■ DATASET RECORDS ■
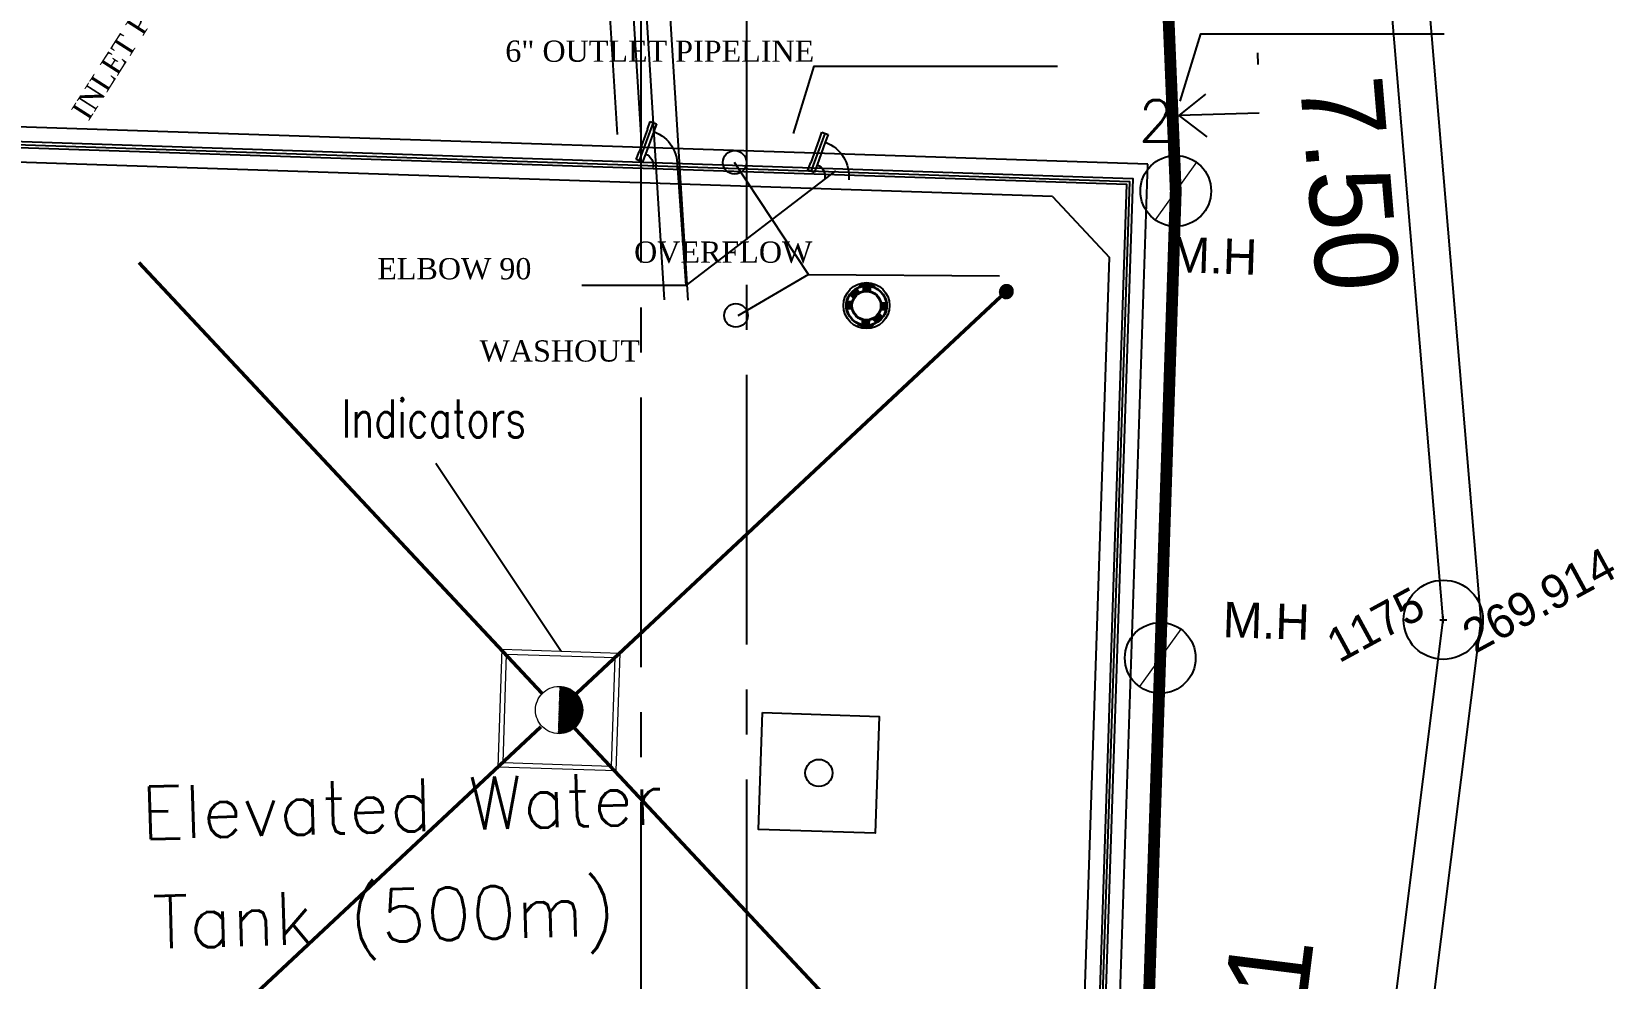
# Model space of a CAD drawing. Extents: x 152000 to 152174, y 158796 to 159332.
# Drawn here: x 152083.19 to 152096.61, y 159209.11 to 159217.13 of the extents above; entities that cross this region are included whole.
import ezdxf
from ezdxf.enums import TextEntityAlignment as Align

# ---------------------------------------------------------------- set-up
doc = ezdxf.new("R2010")
doc.units = 0
doc.header["$LTSCALE"] = 3
doc.header["$MEASUREMENT"] = 0
doc.header["$PDMODE"] = 2
doc.header["$PDSIZE"] = 0.03
for name, pattern in [('AUSGEZOGEN', [0]), ('CENTER', [2, 1.25, -0.25, 0.25, -0.25]), ('CENTER2', [28.575, 19.05, -3.175, 3.175, -3.175]), ('DASHED2', [0.375, 0.25, -0.125]), ('SOLID_LINE', [0]), ('STRICHPUNKT2', [0.7, 0.4, -0.15, 0, -0.15])]:
    doc.linetypes.add(name, pattern=pattern)
doc.layers.get('0').update_dxf_attribs({"linetype": 'CONTINUOUS'})
doc.layers.get('DEFPOINTS').update_dxf_attribs({"linetype": 'CONTINUOUS'})
for name, color, linetype in [('025', 203, 'CONTINUOUS'), ('EBENE0', 7, 'AUSGEZOGEN'), ('ELEV', 1, 'CONTINUOUS'), ('HATCH', 40, 'CONTINUOUS'), ('Height', 7, 'CONTINUOUS'), ('MECNEK', 6, 'CONTINUOUS'), ('NUMBERS', 6, 'CONTINUOUS'), ('Point ID', 7, 'CONTINUOUS'), ('Point_ID', 7, 'CONTINUOUS'), ('TEXTS', 1, 'CONTINUOUS'), ('TXT', 6, 'CONTINUOUS')]:
    doc.layers.add(name, color=color, linetype=linetype)
doc.layers.add('hah', color=41, linetype='CONTINUOUS', lineweight=9)
doc.layers.add('P-WATR', color=1, linetype='CONTINUOUS', lineweight=50)
doc.styles.add('ROMANC', font='ROMANC', dxfattribs={"height": 7})
doc.styles.add('ROMANS', font='romans.shx')
doc.dimstyles.get("Standard").update_dxf_attribs({"dimtxt": 0.7, "dimasz": 0.5, "dimexe": 4.572, "dimexo": 1.5875, "dimgap": 0.01, "dimtad": 1, "dimzin": 0, "dimdsep": 46, "dimtxsty": 'Standard', "dimcen": 2.286, "dimse1": 1, "dimse2": 1, "dimsd1": 1, "dimsd2": 1, "dimadec": 0, "dimazin": 0, "dimtfac": 1, "dimtdec": 4, "dimtofl": 0, "dimtmove": 0, "dimatfit": 3, "dimfxl": 1, "dimtolj": 1, "dimtzin": 0, "dimarcsym": 0})

# ---------------------------------------------------------------- blocks, each defined once
blk = doc.blocks.new('*D173')
at = {"layer": 'DEFPOINTS', "color": 0, "transparency": 16777216}
for p in [(152094.526, 159219.619, 260.069), (152095.156, 159212.147, 260.069), (152094.314, 159212.076)]:
    blk.add_point(p, dxfattribs=at)
at = {"color": 0, "transparency": 16777216, "insert": (152094.358, 159215.842), "char_height": 0.7, "attachment_point": 5, "rotation": 274.8159}
blk.add_mtext('\\A1;7.50', dxfattribs=at)
blk = doc.blocks.new('*D174')
at = {"layer": 'DEFPOINTS', "color": 0, "transparency": 16777216}
for p in [(152095.156, 159212.147, 260.069), (152093.494, 159204.788), (152094.219, 159204.697, 260.069)]:
    blk.add_point(p, dxfattribs=at)
at = {"color": 0, "transparency": 16777216, "insert": (152093.604, 159208.558), "char_height": 0.7, "attachment_point": 5, "rotation": 82.8388}
blk.add_mtext('\\A1;7.51', dxfattribs=at)

msp = doc.modelspace()

# ---------------------------------------------------------------- hatches: boundary and pattern name
at = {"lineweight": 13}
h = msp.add_hatch(dxfattribs=at)
h.set_pattern_fill('ANSI36', color=8)
h.set_pattern_definition([(45, (221.2517, 40.489), (1.683798023, 6.173926083), [7.9375, -1.5875, 0, -1.5875])])
h.paths.add_polyline_path([(152093.06471, 159216.02412, 0.61209908), (152092.58887, 159215.78105, 0.24061853), (152092.71303, 159215.53799)])
h = msp.add_hatch(dxfattribs=at)
h.set_pattern_fill('ANSI36', color=8)
h.set_pattern_definition([(45, (221.12, 36.5317), (1.683798023, 6.173926083), [7.9375, -1.5875, 0, -1.5875])])
h.paths.add_polyline_path([(152092.93313, 159212.06679, 0.61209908), (152092.45729, 159211.82372, 0.24061853), (152092.58145, 159211.58066)])
at = {"layer": 'hah', "ltscale": 4}
h = msp.add_hatch(dxfattribs=at)
h.set_pattern_fill('ANSI31', color=8, scale=0.004, angle=105.595483, style=0)
h.set_pattern_definition([(150.59548315, (152387.8434603, 159232.4497402), (-0.0002454862166, -0.0004355875543), [])])
h.paths.add_polyline_path([(152091.46855, 159214.87262, 1), (152091.43644, 159214.98767, 1)])
at = {"layer": 'hah', "linetype": 'CENTER', "ltscale": 2}
h = msp.add_hatch(dxfattribs=at)
h.set_pattern_fill('INSUL', color=8, scale=0.02, angle=88.095462, style=0)
h.set_pattern_definition([(88.0954623, (151521.371719, 158420.225904), (-0.0074958569, 0.00024925749), []), (88.0954623, (151521.36922, 158420.225987), (-0.0074958569, 0.00024925749), [0.0025, -0.0025]), (88.0954623, (151521.366722, 158420.2260704), (-0.0074958569, 0.00024925749), [0.0025, -0.0025])])
h.paths.add_polyline_path([(152087.66985, 159211.582), (152087.6632, 159211.38211), (152087.86309, 159211.37546, 0.41421356)])
h = msp.add_hatch(dxfattribs=at)
h.set_pattern_fill('INSUL', color=8, scale=0.02, angle=88.095462, style=0)
h.set_pattern_definition([(88.0954623, (151521.371719, 158420.225904), (-0.0074958569, 0.00024925749), []), (88.0954623, (151521.36922, 158420.225987), (-0.0074958569, 0.00024925749), [0.0025, -0.0025]), (88.0954623, (151521.366722, 158420.2260704), (-0.0074958569, 0.00024925749), [0.0025, -0.0025])])
h.paths.add_polyline_path([(152087.6632, 159211.38211), (152087.65656, 159211.18222, 0.41421356), (152087.86309, 159211.37546)])
at = {"layer": 'HATCH'}
h = msp.add_hatch(color=256, dxfattribs=at)
h.paths.add_polyline_path([(152090.38851, 159214.77659), (152090.38348, 159214.77675, 0.06167497), (152090.38808, 159214.80592), (152090.39297, 159214.80576, -0.05921296)])
h.paths.add_polyline_path([(152090.39297, 159214.80576), (152090.38808, 159214.80592, 0.06167497), (152090.38543, 159214.83534), (152090.39046, 159214.83517, -0.05921296)])
h.paths.add_polyline_path([(152090.30132, 159214.93044), (152090.30115, 159214.92541, 0.06167497), (152090.27198, 159214.93001), (152090.27215, 159214.93489, -0.05921296)])
h.paths.add_polyline_path([(152090.25927, 159214.93466), (152090.2617, 159214.93251), (152090.26114, 159214.93478, -0.0220108), (152090.27215, 159214.93489), (152090.27198, 159214.93001, 0.06167497), (152090.24257, 159214.92736), (152090.24274, 159214.93239, -0.03339346)])
h.paths.add_polyline_path([(152090.14301, 159214.81407), (152090.14789, 159214.81391, 0.06167497), (152090.15055, 159214.7845), (152090.14552, 159214.78467, -0.05921296)])
h.paths.add_polyline_path([(152090.14789, 159214.81391), (152090.14301, 159214.81407, -0.05921296), (152090.14747, 159214.84325), (152090.1525, 159214.84308, 0.06167497)])
h.paths.add_polyline_path([(152090.26383, 159214.68494), (152090.264, 159214.68982, 0.06167497), (152090.29341, 159214.69247), (152090.29324, 159214.68745, -0.05921296)])
h.paths.add_polyline_path([(152090.23466, 159214.6894), (152090.23483, 159214.69442, 0.06167497), (152090.264, 159214.68982), (152090.26383, 159214.68494, -0.05921296)])
h = msp.add_hatch(color=256, dxfattribs=at)
h.paths.add_polyline_path([(152090.31119, 159214.63946), (152090.30999, 159214.6442, 0.02949484), (152090.3292, 159214.65029), (152090.33095, 159214.64573, -0.02949484)])
h.paths.add_polyline_path([(152090.21507, 159214.64735), (152090.21356, 159214.64271, -0.02949484), (152090.19426, 159214.65028), (152090.19631, 159214.65471, 0.02949484)])
h.paths.add_polyline_path([(152090.20678, 159214.96954), (152090.20503, 159214.9741, -0.02949484), (152090.22478, 159214.98037), (152090.22598, 159214.97564, 0.02949484)])
h.paths.add_polyline_path([(152090.32091, 159214.97248), (152090.32242, 159214.97713, -0.02949484), (152090.34172, 159214.96956), (152090.33967, 159214.96512, 0.02949484)])
h = msp.add_hatch(color=256, dxfattribs=at)
h.paths.add_polyline_path([(152090.42763, 159214.73619), (152090.4232, 159214.73823, 0.02949484), (152090.43055, 159214.757), (152090.4352, 159214.75548, -0.02949484)])
h.paths.add_polyline_path([(152090.42762, 159214.87113), (152090.43218, 159214.87288, -0.02949484), (152090.43845, 159214.85312), (152090.43371, 159214.85192, 0.02949484)])
h.paths.add_polyline_path([(152090.10835, 159214.88365), (152090.11278, 159214.8816, 0.02949484), (152090.10543, 159214.86284), (152090.10078, 159214.86435, -0.02949484)])
h.paths.add_polyline_path([(152090.09753, 159214.76671), (152090.10227, 159214.76791, 0.02949484), (152090.10836, 159214.7487), (152090.1038, 159214.74695, -0.02949484)])

# ---------------------------------------------------------------- linework, layer by layer
at = {"color": 9, "lineweight": 13}
for p, q in [((152093.06471, 159216.02412, -253.42413), (152092.71303, 159215.53799, -253.42413)), ((152092.93313, 159212.06679, -253.42413), (152092.58145, 159211.58066, -253.42413))]:
    msp.add_line(p, q, dxfattribs=at)
at = {"color": 2, "lineweight": -3}
for centre in [(152089.15081, 159216.02348, 0.11869), (152089.16164, 159214.72661, 0.11869)]:
    msp.add_circle(centre, 0.1, dxfattribs=at)
at = {"color": 2}
msp.add_circle((152095.15555, 159212.14719, -578.00288), 0.336, dxfattribs=at)
at = {"color": 0, "linetype": 'SOLID_LINE'}
msp.add_point((152095.15555, 159212.14719, -578.00288), dxfattribs=at)
at = {"layer": 'EBENE0', "color": 5, "linetype": 'STRICHPUNKT2'}
for p, q in [((152093.14077, 159216.60307, 0.62924), (152092.91351, 159216.42103, 0.62924)), ((152092.91351, 159216.42103, 0.62924), (152093.15092, 159216.23965, 0.62924))]:
    msp.add_line(p, q, dxfattribs=at)
at = {"layer": 'EBENE0', "color": 8, "linetype": 'AUSGEZOGEN'}
for p, q in [((152092.65275, 159216.00725, -0.27953), (152082.05861, 159216.35953, -0.27953)), ((152092.65275, 159216.00725, -0.27953), (152082.05861, 159216.35953, -0.27953)), ((152091.84322, 159215.734, -0.27953), (152082.84819, 159216.03311, -0.27953)), ((152091.84322, 159215.734, -0.27953), (152082.84819, 159216.03311, -0.27953)), ((152092.30047, 159205.41311, -0.27953), (152092.65275, 159216.00725, -0.27953)), ((152092.30047, 159205.41311, -0.27953), (152092.65275, 159216.00725, -0.27953)), ((152091.84322, 159215.734, -0.27953), (152092.32633, 159215.21766, -0.27953)), ((152091.84322, 159215.734, -0.27953), (152092.32633, 159215.21766, -0.27953)), ((152092.02722, 159206.22263, -0.27953), (152092.32633, 159215.21766, -0.27953)), ((152092.02722, 159206.22263, -0.27953), (152092.32633, 159215.21766, -0.27953))]:
    msp.add_line(p, q, dxfattribs=at)
at = {"layer": 'EBENE0', "color": 5, "linetype": 'STRICHPUNKT2', "elevation": 0.62924}
msp.add_lwpolyline([(152092.85314, 159218.58225), (152093.53519, 159218.6013), (152093.59556, 159216.44009), (152092.91351, 159216.42103)], dxfattribs=at)
at = {"layer": 'EBENE0', "color": 8, "linetype": 'AUSGEZOGEN', "elevation": -0.27953}
msp.add_lwpolyline([(152089.38627, 159211.36032), (152090.37573, 159211.32742), (152090.34282, 159210.33796), (152089.35337, 159210.37087)], close=True, dxfattribs=at)
at = {"layer": 'EBENE0', "color": 8, "linetype": 'AUSGEZOGEN'}
msp.add_circle((152089.86455, 159210.84914, -0.27953), 0.115, dxfattribs=at)
at = {"layer": 'ELEV', "color": 8, "elevation": -0.27953}
for points in [[(152081.83541, 159205.88617), (152082.17938, 159216.23045), (152092.52366, 159215.88647), (152092.17969, 159205.54219)], [(152081.86122, 159205.91032), (152082.20354, 159216.20463), (152092.49785, 159215.86232), (152092.15553, 159205.56801)], [(152081.88704, 159205.93448), (152082.22769, 159216.17881), (152092.47203, 159215.83816), (152092.13138, 159205.59382)]]:
    msp.add_lwpolyline(points, close=True, dxfattribs=at)
at = {"layer": 'hah', "color": 8, "ltscale": 2}
for p, q in [((152087.14686, 159210.899, -0.27953), (152087.1801, 159211.89845, -0.27953)), ((152087.1801, 159211.89845, -0.27953), (152088.17954, 159211.86522, -0.27953)), ((152087.18817, 159210.93765, -0.27953), (152087.21875, 159211.85714, -0.27953)), ((152087.21875, 159211.85714, -0.27953), (152088.13824, 159211.82657, -0.27953)), ((152088.10766, 159210.90707, -0.27953), (152088.13824, 159211.82657, -0.27953)), ((152088.14631, 159210.86577, -0.27953), (152088.17954, 159211.86522, -0.27953)), ((152088.14631, 159210.86577, -0.27953), (152087.14686, 159210.899, -0.27953)), ((152087.18817, 159210.93765, -0.27953), (152088.10766, 159210.90707, -0.27953))]:
    msp.add_line(p, q, dxfattribs=at)
at = {"layer": 'hah', "ltscale": 4, "const_width": 0.03, "elevation": -0.27953}
for points in [[(152087.51873, 159211.52346), (152084.10265, 159215.17455)], [(152087.80141, 159211.51406), (152091.4525, 159214.93014)], [(152087.50933, 159211.24078), (152083.85825, 159207.8247)], [(152087.79201, 159211.23138), (152091.20809, 159207.58029)]]:
    msp.add_lwpolyline(points, dxfattribs=at)
at = {"layer": 'hah', "color": 8, "linetype": 'CENTER', "ltscale": 2}
msp.add_circle((152087.6632, 159211.38211, -0.27953), 0.2, dxfattribs=at)
at = {"layer": 'HATCH'}
for p, q in [((152090.13088, 159214.89927, -0.27953), (152090.18795, 159214.95266, -0.27953)), ((152090.13505, 159214.89481, -0.27953), (152090.19212, 159214.9482, -0.27953)), ((152090.13655, 159214.91144, -0.27953), (152090.16371, 159214.88241, -0.27953)), ((152090.13922, 159214.89035, -0.27953), (152090.19629, 159214.94374, -0.27953)), ((152090.14041, 159214.91625, -0.27953), (152090.16738, 159214.88742, -0.27953)), ((152090.14162, 159214.91768, -0.27953), (152090.16886, 159214.94317, -0.27953)), ((152090.14339, 159214.88589, -0.27953), (152090.20046, 159214.93929, -0.27953)), ((152090.14443, 159214.92089, -0.27953), (152090.17126, 159214.89221, -0.27953)), ((152090.14756, 159214.88143, -0.27953), (152090.20463, 159214.93483, -0.27953)), ((152090.1486, 159214.92537, -0.27953), (152090.17535, 159214.89678, -0.27953)), ((152090.15174, 159214.87697, -0.27953), (152090.20881, 159214.93037, -0.27953)), ((152090.15293, 159214.92968, -0.27953), (152090.17963, 159214.90114, -0.27953)), ((152090.15741, 159214.93383, -0.27953), (152090.18412, 159214.90528, -0.27953)), ((152090.16204, 159214.93781, -0.27953), (152090.18881, 159214.90921, -0.27953)), ((152090.16683, 159214.94163, -0.27953), (152090.1937, 159214.91292, -0.27953)), ((152090.17178, 159214.94528, -0.27953), (152090.19879, 159214.91641, -0.27953)), ((152090.17688, 159214.94877, -0.27953), (152090.2041, 159214.91968, -0.27953)), ((152090.18214, 159214.95208, -0.27953), (152090.20962, 159214.92271, -0.27953)), ((152090.20948, 159214.92263, -0.27953), (152090.21298, 159214.92591, -0.27953)), ((152090.24494, 159214.93481, -0.27953), (152090.24627, 159214.97457, -0.27953)), ((152090.24802, 159214.93534, -0.27953), (152090.24933, 159214.97494, -0.27953)), ((152090.25109, 159214.93579, -0.27953), (152090.2524, 159214.97526, -0.27953)), ((152090.25415, 159214.93616, -0.27953), (152090.25546, 159214.97552, -0.27953)), ((152090.25722, 159214.93646, -0.27953), (152090.25852, 159214.97572, -0.27953)), ((152090.26028, 159214.93668, -0.27953), (152090.26158, 159214.97587, -0.27953)), ((152090.26334, 159214.93683, -0.27953), (152090.26464, 159214.97596, -0.27953)), ((152090.2664, 159214.93691, -0.27953), (152090.2677, 159214.97599, -0.27953)), ((152090.26945, 159214.93691, -0.27953), (152090.27075, 159214.97597, -0.27953)), ((152090.2725, 159214.93684, -0.27953), (152090.2738, 159214.97589, -0.27953)), ((152090.27555, 159214.93669, -0.27953), (152090.27685, 159214.97576, -0.27953)), ((152090.2786, 159214.93647, -0.27953), (152090.2799, 159214.97557, -0.27953)), ((152090.28164, 159214.93618, -0.27953), (152090.28295, 159214.97532, -0.27953)), ((152090.28469, 159214.93581, -0.27953), (152090.28599, 159214.97502, -0.27953)), ((152090.28773, 159214.93537, -0.27953), (152090.28903, 159214.97466, -0.27953)), ((152090.29076, 159214.93486, -0.27953), (152090.29207, 159214.97424, -0.27953)), ((152090.2938, 159214.93427, -0.27953), (152090.29511, 159214.97376, -0.27953)), ((152090.29683, 159214.9336, -0.27953), (152090.29815, 159214.97323, -0.27953)), ((152090.29986, 159214.93285, -0.27953), (152090.30118, 159214.97264, -0.27953)), ((152090.10192, 159214.811, -0.27953), (152090.14099, 159214.8097, -0.27953)), ((152090.10192, 159214.80794, -0.27953), (152090.14103, 159214.80664, -0.27953)), ((152090.10196, 159214.81405, -0.27953), (152090.14102, 159214.81275, -0.27953)), ((152090.10199, 159214.80489, -0.27953), (152090.14115, 159214.80358, -0.27953)), ((152090.10207, 159214.8171, -0.27953), (152090.14113, 159214.8158, -0.27953)), ((152090.10211, 159214.80183, -0.27953), (152090.14134, 159214.80052, -0.27953)), ((152090.10223, 159214.82015, -0.27953), (152090.1413, 159214.81885, -0.27953)), ((152090.10229, 159214.79877, -0.27953), (152090.1416, 159214.79746, -0.27953)), ((152090.10244, 159214.8232, -0.27953), (152090.14156, 159214.8219, -0.27953)), ((152090.10252, 159214.7957, -0.27953), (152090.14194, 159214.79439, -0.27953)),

■ EXERCISE BRIEF ■
Return, unchanged, the run of lines above that opens with the line containing "(152090.39046, 159214.83517, -0.05921296)])" and closes with the line containing "(152090.22598, 159214.97564, 0.02949484)])". Include both.

■ EXPECTED ANSWER ■
h.paths.add_polyline_path([(152090.39297, 159214.80576), (152090.38808, 159214.80592, 0.06167497), (152090.38543, 159214.83534), (152090.39046, 159214.83517, -0.05921296)])
h.paths.add_polyline_path([(152090.30132, 159214.93044), (152090.30115, 159214.92541, 0.06167497), (152090.27198, 159214.93001), (152090.27215, 159214.93489, -0.05921296)])
h.paths.add_polyline_path([(152090.25927, 159214.93466), (152090.2617, 159214.93251), (152090.26114, 159214.93478, -0.0220108), (152090.27215, 159214.93489), (152090.27198, 159214.93001, 0.06167497), (152090.24257, 159214.92736), (152090.24274, 159214.93239, -0.03339346)])
h.paths.add_polyline_path([(152090.14301, 159214.81407), (152090.14789, 159214.81391, 0.06167497), (152090.15055, 159214.7845), (152090.14552, 159214.78467, -0.05921296)])
h.paths.add_polyline_path([(152090.14789, 159214.81391), (152090.14301, 159214.81407, -0.05921296), (152090.14747, 159214.84325), (152090.1525, 159214.84308, 0.06167497)])
h.paths.add_polyline_path([(152090.26383, 159214.68494), (152090.264, 159214.68982, 0.06167497), (152090.29341, 159214.69247), (152090.29324, 159214.68745, -0.05921296)])
h.paths.add_polyline_path([(152090.23466, 159214.6894), (152090.23483, 159214.69442, 0.06167497), (152090.264, 159214.68982), (152090.26383, 159214.68494, -0.05921296)])
h = msp.add_hatch(color=256, dxfattribs=at)
h.paths.add_polyline_path([(152090.31119, 159214.63946), (152090.30999, 159214.6442, 0.02949484), (152090.3292, 159214.65029), (152090.33095, 159214.64573, -0.02949484)])
h.paths.add_polyline_path([(152090.21507, 159214.64735), (152090.21356, 159214.64271, -0.02949484), (152090.19426, 159214.65028), (152090.19631, 159214.65471, 0.02949484)])
h.paths.add_polyline_path([(152090.20678, 159214.96954), (152090.20503, 159214.9741, -0.02949484), (152090.22478, 159214.98037), (152090.22598, 159214.97564, 0.02949484)])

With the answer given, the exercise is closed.